Friday, June 10, 2016

Do you still do summer reading?

I was at a dinner party recently, and one of the guests, upon hearing that I am a librarian, innocently asked, "Oh! Yes! The library! Do you still do summer reading?"

I am still so gobsmacked by this question. I just don't even know where to begin. Yes! We are totally doing summer reading. My life is dominated by summer reading! We do summer reading for kids, and for teens, and now for adults, too. We do programs, and displays, and we offer so many prizes, and we do so much outreach to promote it. This is a monumental effort. Summer reading feels like the raison d'etre of our library lives. We literally start planning next summer's reading program as the current summer is ending. Yeah. We still do summer reading.

It really got me thinking... on one hand, this is exactly the same kind of question that falls in the category of, "Do you still use the Dewey Decimal system?" (Answer: yes) or, "Do you still use those card catalogs with the drawers?" (Answer: no) Probably people mean it as a harmless, light conversation starter. But, my number one takeaway when I hear something like this is that, this is a person who has not been to a library since they were a child. And this is the kind of person who imagines that if they are not at the library... then probably nobody is in the library. And they just don't know. They don't know how busy we are. They are nonplussed when they get to the library and they have to wait in line... not to check out a book, or get a computer, or ask a staff member a question or for anything. Because how could that dusty, quiet place be so bustling? It doesn't make sense to them. The same way that, "Do you still do summer reading?" doesn't make sense to me.

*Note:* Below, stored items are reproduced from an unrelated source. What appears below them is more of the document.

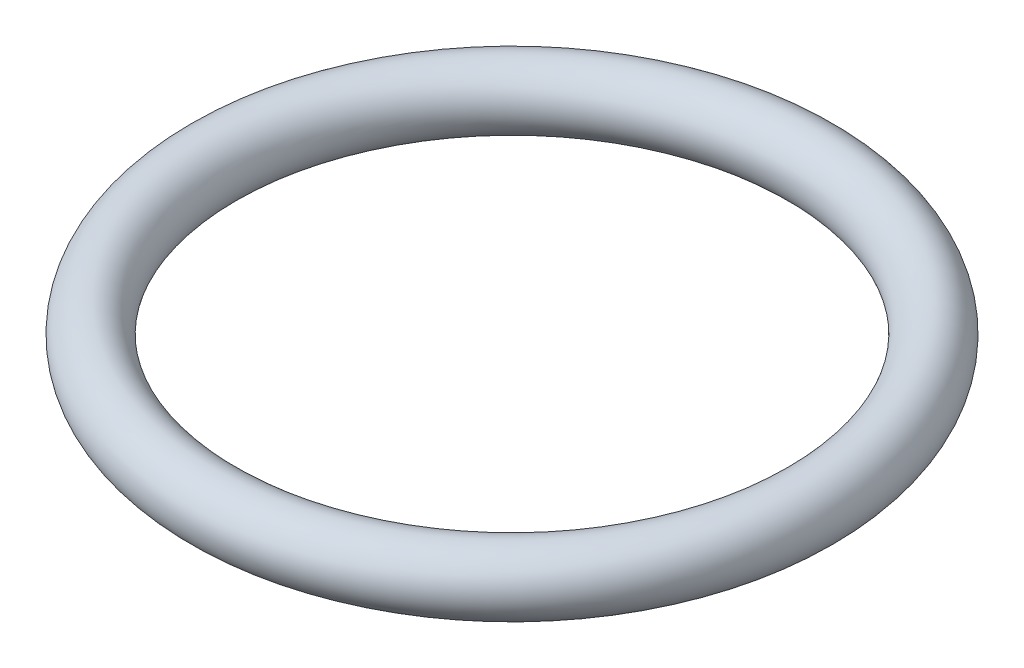
SolidWorks part; units mm, degrees
ref_plane "Спереди" through (0, 0, 0) normal (0, 0, 1) x (1, 0, 0)
ref_plane "Сверху" through (0, 0, 0) normal (0, 1, 0) x (1, 0, 0)
ref_plane "Справа" through (0, 0, 0) normal (1, 0, 0) x (0, 0, -1)
sketch "Ske" plane through (0, 0, 0) normal (0, 0, 1) x (1, 0, 0)
  line L0 (0, 9.41) -> (0, 0) construction
  circle A0 centre (27.4, 0) radius 2.9
  dimension "D1" = 49
  dimension "D" = 5.8
revolve "Основание-Повернуть" add sketch "Ske" angle 360 about L0
sketch "Эскиз2" plane through (0, 0, 0) normal (0, 1, 0) x (1, 0, 0)
  circle A0 centre (0, 0) radius 7.6706
surface "Поверхность-Вытянуть1" sketch "Эскиз2" parameters "D1"=3
sketch "Эскиз3" plane through (0, 0, 0) normal (0, 0, 1) x (1, 0, 0)
  line L0 (0, -2.9) -> (27.4, -2.9)
  line L1 (0, 2.9362) -> (0, -2.5308) construction
  line L2 (0, 9.41) -> (0, 0) construction
  line L3 (0, 0) -> (0, 3) construction
  circle A1 centre (27.4, 0) radius 2.9 construction
surface "Поверхность-Повернуть1" sketch "Эскиз3" parameters "D1"=360

I know there's a segment of the population that we don't always reach - working adults in their 30's and 40's don't come to the library as often. They are too busy. Even when we offer evening or weekend hours they may not make it in. Our core users are retirees, stay at home moms, and economically disadvantaged. Still, it's worrying when I hear reactions like these - there's a whole universe that they are missing out on!